Counsel for the Applicant: Mr C Wallace
Solicitors for the Applicant: Australian Taxation Office
Representing the Respondent: Mr N N Sedhom (with leave of the Court)

ORDERS

  1. A sequestration order be made against the estate of Nadra Fouad Sedhom, also known as Nadra F Sedhom. 

  2. The applicant creditor’s costs, including all reserved costs, be taxed and paid from the estate of the respondent debtor in accordance with the Bankruptcy Act 1966 (Cth).

  3. Note that the date of the act of bankruptcy is 13 September 2010. 

  4. The applicant must give a copy of this order to the Official Receiver within 2 working days. 

FEDERAL MAGISTRATES
COURT OF AUSTRALIA
AT SYDNEY

SYG 2581 of 2010

DEPUTY COMMISSIONER OF TAXATION

Applicant

And

NADRA F SEDHOM

Respondent

REASONS FOR JUDGMENT

(revised from transcript)

  1. This is a creditor’s petition against Mrs Sedhom filed by the Deputy Commissioner on 30 November 2010. It has been adjourned several times, and its life has been extended under section 52(5) of the Bankruptcy Act 1966 (Cth). The petition relies on indebtedness of $130,604.57, based on a default judgment obtained against Mrs Sedhom in the District Court on 5 May 2009, plus interest accrued under the Uniform Civil Procedure Act 2005 (NSW).  Further interest has accrued, and Mrs Sedhom’s indebtedness to the Deputy Commissioner of Taxation is now $159,980.89.

  2. The petition alleges that Mrs Sedhom failed to meet the demands of a bankruptcy notice based on the judgment in the District Court and the accrued interest.   The bankruptcy notice was served personally on Mrs Sedhom on 23 August 2010, and I am satisfied that its demands were not complied with by her in the time provided.  I am therefore satisfied as to the act of bankruptcy relied upon in the petition occurring on 13 September 2010.

  3. Notwithstanding some initial difficulties, the creditor’s petition was served personally on Mrs Sedhom on 15 May 2011.
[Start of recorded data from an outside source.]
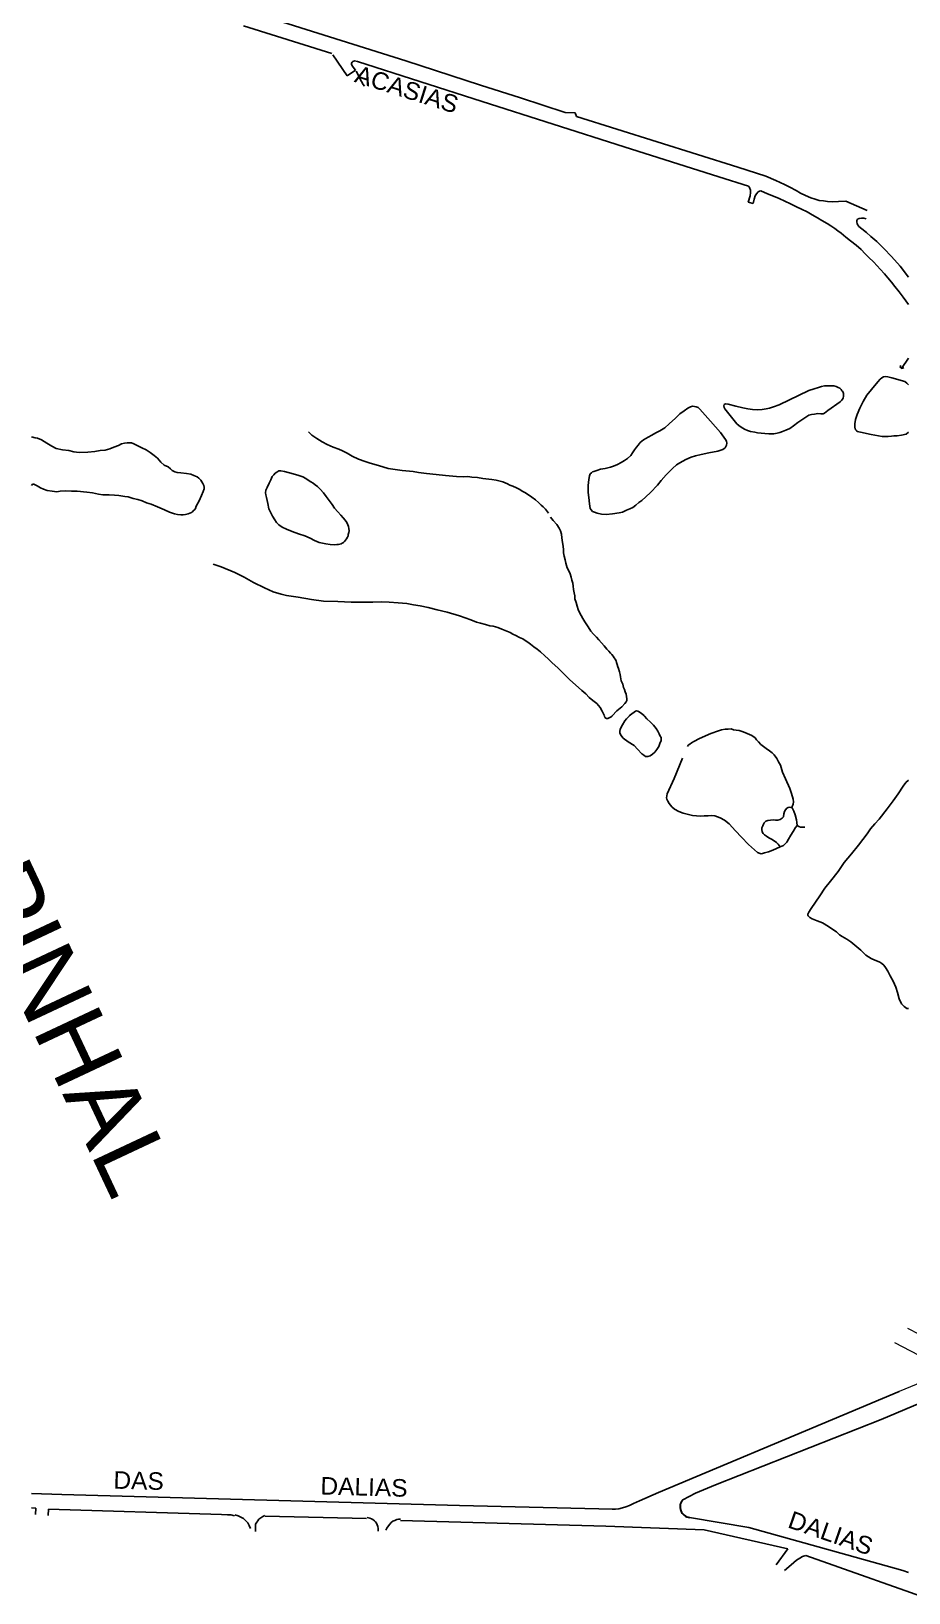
# Model space of a CAD drawing. Header units: millimetres. Extents: x 583 to 26013, y 350 to 21391.
# Drawn here: x 11091 to 11591, y 15884 to 16774 of the extents above; entities that cross this region are included whole.
import ezdxf

# ---------------------------------------------------------------- set-up
doc = ezdxf.new("R2010")
doc.units = ezdxf.units.MM
for name, color, linetype in [('105-QUADRAS_ESTRADAS', 80, 'Continuous'), ('110-CERCA_DE_ARAME', 10, 'Continuous'), ('145-', 130, 'Continuous'), ('RIOS', 140, 'Continuous')]:
    doc.layers.add(name, color=color, linetype=linetype)
doc.styles.add('EU', font='arial.ttf', dxfattribs={"height": 10})

msp = doc.modelspace()

# ---------------------------------------------------------------- linework, layer by layer
at = {"color": 0, "linetype": 'Continuous', "lineweight": 20}
for p, q in [((11613.77806, 16010.42658), (11583.20738, 16026.58545)), ((11626.79798, 16015.86613), (11590.65323, 16034.70193))]:
    msp.add_line(p, q, dxfattribs=at)
at = {"color": 0, "linetype": 'Continuous', "lineweight": 30}
msp.add_arc((11466.89984, 15932.9908), 6.01683, 138.18469799, 264.42686926, dxfattribs=at)
at = {"layer": '105-QUADRAS_ESTRADAS', "color": 0, "linetype": 'Continuous'}
for p, q in [((11271.11551, 16749.00241), (11263.01551, 16760.80241)), ((11274.01551, 16756.70241), (11273.71551, 16756.20241)), ((11274.41551, 16757.10241), (11274.01551, 16756.70241)), ((11274.91551, 16757.30241), (11274.41551, 16757.10241)), ((11275.31551, 16757.50241), (11274.91551, 16757.30241)), ((11277.01551, 16757.10241), (11275.31551, 16757.50241)), ((11275.91551, 16752.10241), (11271.11551, 16749.00241)), ((11273.71551, 16755.50241), (11273.71551, 16756.20241)), ((11274.11551, 16754.70241), (11273.71551, 16755.50241)), ((11275.91551, 16752.10241), (11274.11551, 16754.70241)), ((11279.41551, 16745.60241), (11276.31551, 16751.50241)), ((11280.21551, 16743.90241), (11279.41551, 16745.60241)), ((11281.01551, 16743.00241), (11280.21551, 16743.90241)), ((11369.91551, 16736.40241), (11347.21551, 16743.60241)), ((11395.41551, 16728.00241), (11369.91551, 16736.40241)), ((11401.01551, 16727.90241), (11395.41551, 16728.00241)), ((11401.91551, 16725.80241), (11401.01551, 16727.90241)), ((11483.01551, 16691.40241), (11428.91551, 16708.50241)), ((11499.81551, 16686.00241), (11483.01551, 16691.40241)), ((11500.51551, 16685.20241), (11499.81551, 16686.00241)), ((11501.01551, 16683.70241), (11500.51551, 16685.20241)), ((11500.71551, 16680.40241), (11499.71551, 16676.80241)), ((11502.51551, 16676.10241), (11499.71551, 16676.80241)), ((11501.01551, 16682.30241), (11500.71551, 16680.40241)), ((11501.01551, 16683.70241), (11501.01551, 16682.30241)), ((11503.01551, 16678.60241), (11502.51551, 16676.10241)), ((11503.71551, 16680.50241), (11503.01551, 16678.60241)), ((11504.41551, 16681.70241), (11503.71551, 16680.50241)), ((11505.31551, 16682.80241), (11504.41551, 16681.70241)), ((11506.11551, 16683.20241), (11505.31551, 16682.80241)), ((11506.81551, 16683.30241), (11506.11551, 16683.20241)), ((11733.81551, 16049.90241), (11575.41551, 15982.70241)), ((11093.81551, 15932.30241), (11091.21551, 15932.40241)), ((11091.21551, 15932.00241), (11091.21551, 15932.00241)), ((11093.81551, 15932.30241), (11093.61945, 15928.66018)), ((11101.01551, 15931.70241), (11100.72389, 15928.07218)), ((11199.51551, 15928.60241), (11101.01551, 15931.70241)), ((11202.91551, 15928.50241), (11199.51551, 15928.60241)), ((11204.81551, 15928.40241), (11202.91551, 15928.50241)), ((11207.01551, 15927.90241), (11204.81551, 15928.40241)), ((11209.01551, 15927.90241), (11207.21551, 15928.50241)), ((11210.61551, 15927.20241), (11209.01551, 15927.90241)), ((11212.01551, 15926.30241), (11210.61551, 15927.20241)), ((11213.21551, 15925.20241), (11212.01551, 15926.30241)), ((11214.51551, 15923.80241), (11213.21551, 15925.20241)), ((11215.31551, 15922.40241), (11214.51551, 15923.80241)), ((11216.01551, 15920.70241), (11215.31551, 15922.40241)), ((11219.01551, 15923.10241), (11218.91551, 15921.60241)), ((11218.91551, 15920.30241), (11218.91551, 15921.60241)), ((11219.01551, 15919.00241), (11218.91551, 15920.30241)), ((11219.71551, 15924.20241), (11219.01551, 15923.10241)), ((11220.21551, 15925.00241), (11219.71551, 15924.20241)), ((11220.91551, 15926.00241), (11220.21551, 15925.00241)), ((11221.91551, 15926.80241), (11220.91551, 15926.00241)), ((11223.11551, 15927.50241), (11221.91551, 15926.80241)), ((11224.21551, 15928.10241), (11223.11551, 15927.50241)), ((11282.11551, 15926.40241), (11224.41551, 15927.60241)), ((11284.01551, 15926.50241), (11282.51551, 15926.90241)), ((11285.11551, 15926.20241), (11284.01551, 15926.50241)), ((11285.81551, 15925.80241), (11285.11551, 15926.20241)), ((11286.71551, 15925.10241), (11285.81551, 15925.80241)), ((11287.31551, 15924.40241), (11286.71551, 15925.10241)), ((11287.91551, 15923.70241), (11287.31551, 15924.40241)), ((11288.31551, 15922.80241), (11287.91551, 15923.70241)), ((11288.71551, 15921.70241), (11288.31551, 15922.80241)), ((11288.91551, 15920.60241), (11288.71551, 15921.70241)), ((11288.91551, 15920.60241), (11288.81551, 15919.10241)), ((11293.81551, 15920.80241), (11293.11551, 15919.60241)), ((11294.71551, 15922.10241), (11293.81551, 15920.80241)), ((11295.51551, 15923.20241), (11294.71551, 15922.10241)), ((11296.31551, 15924.10241), (11295.51551, 15923.20241)), ((11297.21551, 15924.80241), (11296.31551, 15924.10241)), ((11298.31551, 15925.30241), (11297.21551, 15924.80241)), ((11299.41551, 15925.70241), (11298.31551, 15925.30241)), ((11300.51551, 15925.90241), (11299.41551, 15925.70241)), ((11301.61551, 15926.00241), (11300.51551, 15925.90241)), ((11418.51551, 15921.90241), (11301.61551, 15925.20241)), ((11527.11551, 15902.50241), (11524.21551, 15900.00241)), ((11529.01551, 15903.80241), (11527.11551, 15902.50241)), ((11530.61551, 15904.60241), (11529.01551, 15903.80241)), ((11532.51551, 15905.20241), (11530.61551, 15904.60241)), ((11630.71551, 15870.60241), (11532.51551, 15905.20241)), ((11524.21551, 15900.00241), (11520.41551, 15896.70241))]:
    msp.add_line(p, q, dxfattribs=at)
at = {"layer": '105-QUADRAS_ESTRADAS', "color": 0, "linetype": 'Continuous', "lineweight": 20}
msp.add_line((11613.77806, 16010.42658), (11585.71551, 15998.70241), dxfattribs=at)
at = {"layer": '110-CERCA_DE_ARAME', "color": 0, "linetype": 'Continuous'}
for p, q in [((11262.51551, 16761.60241), (11212.11551, 16777.40241)), ((11304.61551, 16757.40241), (11224.31551, 16782.80241)), ((11348.11551, 16734.30241), (11277.01551, 16757.10241)), ((11347.21551, 16743.60241), (11304.61551, 16757.40241)), ((11428.91551, 16708.50241), (11348.11551, 16734.30241)), ((11493.81551, 16696.80241), (11401.91551, 16725.80241)), ((11509.71551, 16691.70241), (11493.81551, 16696.80241)), ((11515.51551, 16689.20241), (11509.71551, 16691.70241)), ((11520.31551, 16686.90241), (11515.51551, 16689.20241)), ((11523.41551, 16685.50241), (11520.31551, 16686.90241)), ((11527.01551, 16683.60241), (11523.41551, 16685.50241)), ((11510.71551, 16681.60241), (11506.81551, 16683.30241)), ((11514.11551, 16680.30241), (11510.71551, 16681.60241)), ((11517.41551, 16678.90241), (11514.11551, 16680.30241)), ((11520.61551, 16677.40241), (11517.41551, 16678.90241)), ((11523.81551, 16675.90241), (11520.61551, 16677.40241)), ((11529.51551, 16682.10241), (11527.01551, 16683.60241)), ((11532.31551, 16680.60241), (11529.51551, 16682.10241)), ((11535.41551, 16679.30241), (11532.31551, 16680.60241)), ((11537.81551, 16678.50241), (11535.41551, 16679.30241)), ((11540.21551, 16677.90241), (11537.81551, 16678.50241)), ((11542.61551, 16677.60241), (11540.21551, 16677.90241)), ((11544.91551, 16677.20241), (11542.61551, 16677.60241)), ((11547.81551, 16677.10241), (11544.91551, 16677.20241)), ((11551.21551, 16677.20241), (11547.81551, 16677.10241)), ((11555.31551, 16677.40241), (11551.21551, 16677.20241)), ((11567.41551, 16672.10241), (11555.31551, 16677.40241)), ((11527.21551, 16674.30241), (11523.81551, 16675.90241)), ((11530.11551, 16672.90241), (11527.21551, 16674.30241)), ((11533.21551, 16671.30241), (11530.11551, 16672.90241)), ((11536.21551, 16669.70241), (11533.21551, 16671.30241)), ((11539.11551, 16668.00241), (11536.21551, 16669.70241)), ((11541.71551, 16666.40241), (11539.11551, 16668.00241)), ((11562.91551, 16667.50241), (11561.91551, 16667.10241)), ((11564.31551, 16667.80241), (11562.91551, 16667.50241)), ((11565.61551, 16667.80241), (11564.31551, 16667.80241)), ((11566.91551, 16667.40241), (11565.61551, 16667.80241)), ((11544.61551, 16664.70241), (11541.71551, 16666.40241)), ((11546.71551, 16663.40241), (11544.61551, 16664.70241)), ((11549.01551, 16661.90241), (11546.71551, 16663.40241)), ((11550.81551, 16660.50241), (11549.01551, 16661.90241)), ((11552.61551, 16659.20241), (11550.81551, 16660.50241)), ((11555.31551, 16657.00241), (11552.61551, 16659.20241)), ((11561.91551, 16667.10241), (11561.51551, 16666.50241)), ((11561.51551, 16665.60241), (11561.51551, 16666.50241)), ((11561.81551, 16664.50241), (11561.51551, 16665.60241)), ((11562.71551, 16663.10241), (11561.81551, 16664.50241)), ((11564.41551, 16661.60241), (11562.71551, 16663.10241)), ((11567.01551, 16659.50241), (11564.41551, 16661.60241)), ((11569.51551, 16657.40241), (11567.01551, 16659.50241)), ((11558.01551, 16654.90241), (11555.31551, 16657.00241)), ((11561.11551, 16652.30241), (11558.01551, 16654.90241)), ((11564.01551, 16649.80241), (11561.11551, 16652.30241)), ((11566.41551, 16647.50241), (11564.01551, 16649.80241)), ((11572.91551, 16654.40241), (11569.51551, 16657.40241)), ((11576.91551, 16650.50241), (11572.91551, 16654.40241)), ((11581.31551, 16645.90241), (11576.91551, 16650.50241)), ((11568.41551, 16645.40241), (11566.41551, 16647.50241)), ((11571.01551, 16642.80241), (11568.41551, 16645.40241)), ((11573.21551, 16640.50241), (11571.01551, 16642.80241)), ((11586.21551, 16640.30241), (11581.31551, 16645.90241)), ((11574.91551, 16638.70241), (11573.21551, 16640.50241)), ((11577.31551, 16636.00241), (11574.91551, 16638.70241)), ((11579.21551, 16633.80241), (11577.31551, 16636.00241)), ((11581.41551, 16631.30241), (11579.21551, 16633.80241)), ((11591.11551, 16634.20241), (11586.21551, 16640.30241)), ((11583.31551, 16628.80241), (11581.41551, 16631.30241)), ((11585.71551, 16625.80241), (11583.31551, 16628.80241)), ((11588.01551, 16622.80241), (11585.71551, 16625.80241)), ((11591.11551, 16618.60241), (11588.01551, 16622.80241)), ((11585.71551, 15998.70241), (11553.61551, 15985.30241)), ((11553.61551, 15985.30241), (11448.61551, 15941.20241)), ((11575.41551, 15982.70241), (11481.11551, 15945.50241)), ((11108.61551, 15940.10241), (11091.21551, 15940.60241)), ((11335.21551, 15933.80241), (11108.61551, 15940.10241)), ((11448.61551, 15941.20241), (11437.81551, 15936.50241)), ((11469.71551, 15940.70241), (11462.41551, 15937.00241)), ((11481.11551, 15945.50241), (11469.71551, 15940.70241)), ((11414.61551, 15931.90241), (11335.21551, 15933.80241)), ((11422.21551, 15931.60241), (11414.61551, 15931.90241)), ((11424.11551, 15931.70241), (11422.21551, 15931.60241)), ((11425.91551, 15931.90241), (11424.11551, 15931.70241)), ((11428.01551, 15932.40241), (11425.91551, 15931.90241)), ((11429.91551, 15933.00241), (11428.01551, 15932.40241)), ((11432.01551, 15933.80241), (11429.91551, 15933.00241)), ((11434.41551, 15934.90241), (11432.01551, 15933.80241)), ((11437.81551, 15936.50241), (11434.41551, 15934.90241)), ((11474.61551, 15919.80241), (11418.51551, 15921.90241)), ((11500.11551, 15921.30241), (11466.31551, 15927.00241)), ((11522.31551, 15909.00241), (11474.61551, 15919.80241)), ((11555.91551, 15905.60241), (11500.11551, 15921.30241)), ((11522.31551, 15909.00241), (11515.59794, 15900.0217)), ((11587.71551, 15896.70241), (11555.91551, 15905.60241)), ((11591.11551, 15895.50241), (11587.71551, 15896.70241))]:
    msp.add_line(p, q, dxfattribs=at)
at = {"layer": '145-', "color": 0, "linetype": 'Continuous'}
for p, q in [((11591.11551, 16588.00241), (11587.11551, 16582.00241)), ((11586.71551, 16583.80241), (11586.31551, 16583.20241)), ((11586.51551, 16582.60241), (11586.31551, 16583.20241)), ((11587.11551, 16582.00241), (11586.51551, 16582.60241)), ((11587.81551, 16582.20241), (11587.11551, 16582.00241)), ((11588.41551, 16582.70241), (11587.81551, 16582.20241)), ((11534.31551, 16569.50241), (11517.31551, 16561.30241)), ((11537.31551, 16570.40241), (11534.31551, 16569.50241)), ((11539.81551, 16571.20241), (11537.31551, 16570.40241)), ((11541.51551, 16571.80241), (11539.81551, 16571.20241)), ((11543.11551, 16572.10241), (11541.51551, 16571.80241)), ((11545.11551, 16572.20241), (11543.11551, 16572.10241)), ((11547.01551, 16572.10241), (11545.11551, 16572.20241)), ((11548.51551, 16572.10241), (11547.01551, 16572.10241)), ((11549.81551, 16571.80241), (11548.51551, 16572.10241)), ((11551.01551, 16571.30241), (11549.81551, 16571.80241)), ((11551.91551, 16570.80241), (11551.01551, 16571.30241)), ((11552.61551, 16570.10241), (11551.91551, 16570.80241)), ((11553.11551, 16569.40241), (11552.61551, 16570.10241)), ((11553.51551, 16568.90241), (11553.11551, 16569.40241)), ((11569.91551, 16570.10241), (11567.31551, 16566.80241)), ((11573.61551, 16574.50241), (11569.91551, 16570.10241)), ((11574.91551, 16576.00241), (11573.61551, 16574.50241)), ((11575.81551, 16576.80241), (11574.91551, 16576.00241)), ((11576.71551, 16577.20241), (11575.81551, 16576.80241)), ((11578.01551, 16577.40241), (11576.71551, 16577.20241)), ((11579.21551, 16577.20241), (11578.01551, 16577.40241)), ((11581.51551, 16576.70241), (11579.21551, 16577.20241)), ((11588.91551, 16574.60241), (11581.51551, 16576.70241)), ((11590.11551, 16573.70241), (11588.91551, 16574.60241)), ((11591.11551, 16572.80241), (11590.11551, 16573.70241)), ((11468.01551, 16560.50241), (11466.71551, 16560.20241)), ((11469.01551, 16560.40241), (11468.01551, 16560.50241)), ((11485.91551, 16561.50241), (11485.81551, 16560.80241)), ((11485.91551, 16559.90241), (11485.81551, 16560.80241)), ((11486.31551, 16561.80241), (11485.91551, 16561.50241)), ((11487.01551, 16561.90241), (11486.31551, 16561.80241)), ((11488.21551, 16561.80241), (11487.01551, 16561.90241)), ((11492.71551, 16560.50241), (11488.21551, 16561.80241)), ((11496.71551, 16559.60241), (11492.71551, 16560.50241)), ((11517.31551, 16561.30241), (11514.01551, 16560.10241)), ((11552.01551, 16563.10241), (11545.11551, 16558.10241)), ((11552.81551, 16563.80241), (11552.01551, 16563.10241)), ((11553.41551, 16564.50241), (11552.81551, 16563.80241)), ((11553.81551, 16565.20241), (11553.41551, 16564.50241)), ((11553.71551, 16568.30241), (11553.51551, 16568.90241)), ((11554.01551, 16567.70241), (11553.71551, 16568.30241)), ((11554.01551, 16566.20241), (11553.81551, 16565.20241)), ((11554.01551, 16566.20241), (11554.01551, 16567.70241)), ((11565.21551, 16563.30241), (11563.21551, 16559.50241)), ((11567.31551, 16566.80241), (11565.21551, 16563.30241)), ((11458.31551, 16553.70241), (11454.71551, 16550.50241)), ((11460.81551, 16556.20241), (11458.31551, 16553.70241)), ((11463.11551, 16557.90241), (11460.81551, 16556.20241)), ((11465.21551, 16559.50241), (11463.11551, 16557.90241)), ((11466.71551, 16560.20241), (11465.21551, 16559.50241)), ((11470.01551, 16560.20241), (11469.01551, 16560.40241)), ((11471.11551, 16559.80241), (11470.01551, 16560.20241)), ((11472.21551, 16558.90241), (11471.11551, 16559.80241)), ((11478.11551, 16552.00241), (11472.21551, 16558.90241)), ((11483.81551, 16545.60241), (11478.11551, 16552.00241)), ((11486.41551, 16559.10241), (11485.91551, 16559.90241)), ((11493.21551, 16550.40241), (11486.41551, 16559.10241)), ((11499.51551, 16559.00241), (11496.71551, 16559.60241)), ((11502.21551, 16558.60241), (11499.51551, 16559.00241)), ((11504.81551, 16558.50241), (11502.21551, 16558.60241)), ((11507.61551, 16558.70241), (11504.81551, 16558.50241)), ((11509.91551, 16559.00241), (11507.61551, 16558.70241)), ((11511.81551, 16559.40241), (11509.91551, 16559.00241)), ((11514.01551, 16560.10241), (11511.81551, 16559.40241)), ((11532.01551, 16553.90241), (11528.01551, 16551.20241)), ((11534.31551, 16555.40241), (11532.01551, 16553.90241)), ((11535.71551, 16555.80241), (11534.31551, 16555.40241)), ((11537.41551, 16556.10241), (11535.71551, 16555.80241)), ((11539.31551, 16556.30241), (11537.41551, 16556.10241)), ((11541.11551, 16556.20241), (11539.31551, 16556.30241)), ((11542.41551, 16556.20241), (11541.11551, 16556.20241)), ((11543.21551, 16556.60241), (11542.41551, 16556.20241)), ((11545.11551, 16558.10241), (11543.21551, 16556.60241)), ((11560.81551, 16552.90241), (11560.41551, 16550.50241)), ((11561.71551, 16555.80241), (11560.81551, 16552.90241)), ((11563.21551, 16559.50241), (11561.71551, 16555.80241)), ((11091.21551, 16543.10241), (11091.21551, 16543.10241)), ((11093.31551, 16542.50241), (11091.21551, 16543.00241)), ((11251.11551, 16544.00241), (11249.11551, 16545.90241)), ((11253.81551, 16542.20241), (11251.11551, 16544.00241)), ((11442.61551, 16542.80241), (11440.11551, 16541.30241)), ((11444.81551, 16544.00241), (11442.61551, 16542.80241)), ((11447.01551, 16545.40241), (11444.81551, 16544.00241)), ((11449.41551, 16546.50241), (11447.01551, 16545.40241)), ((11452.21551, 16548.20241), (11449.41551, 16546.50241)), ((11454.71551, 16550.50241), (11452.21551, 16548.20241)), ((11486.81551, 16541.50241), (11483.81551, 16545.60241)), ((11494.31551, 16549.50241), (11493.21551, 16550.40241)), ((11495.71551, 16548.50241), (11494.31551, 16549.50241)), ((11497.51551, 16547.40241), (11495.71551, 16548.50241)), ((11499.21551, 16546.70241), (11497.51551, 16547.40241)), ((11500.91551, 16546.10241), (11499.21551, 16546.70241)), ((11503.41551, 16545.80241), (11500.91551, 16546.10241)), ((11505.01551, 16545.30241), (11503.41551, 16545.80241)), ((11507.11551, 16545.20241), (11505.01551, 16545.30241)), ((11509.21551, 16544.90241), (11507.11551, 16545.20241)), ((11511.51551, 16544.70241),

  4. At the next listing before a Registrar on 18 May 2011, Mrs Sedhom did not appear, but Mr Sedhom appeared and obtained leave to represent his wife.  He has appeared similarly at all subsequent listings before the Registrars, and appeared today in that capacity.  He assured the Court that his wife was aware of the listing, and wished to be represented by him.

  5. From the file notes of what occurred at the previous five listings before Registrars, it is clear that Mr Sedhom sought, and obtained, adjournments upon assurances to the Registrars that he anticipated raising sufficient funds within a short period to pay the tax debt of his wife, from a settlement of proceedings on foot in the Supreme Court of New South Wales against a former solicitor and possibly other previous professional advisers.  These assurances never came to fruition.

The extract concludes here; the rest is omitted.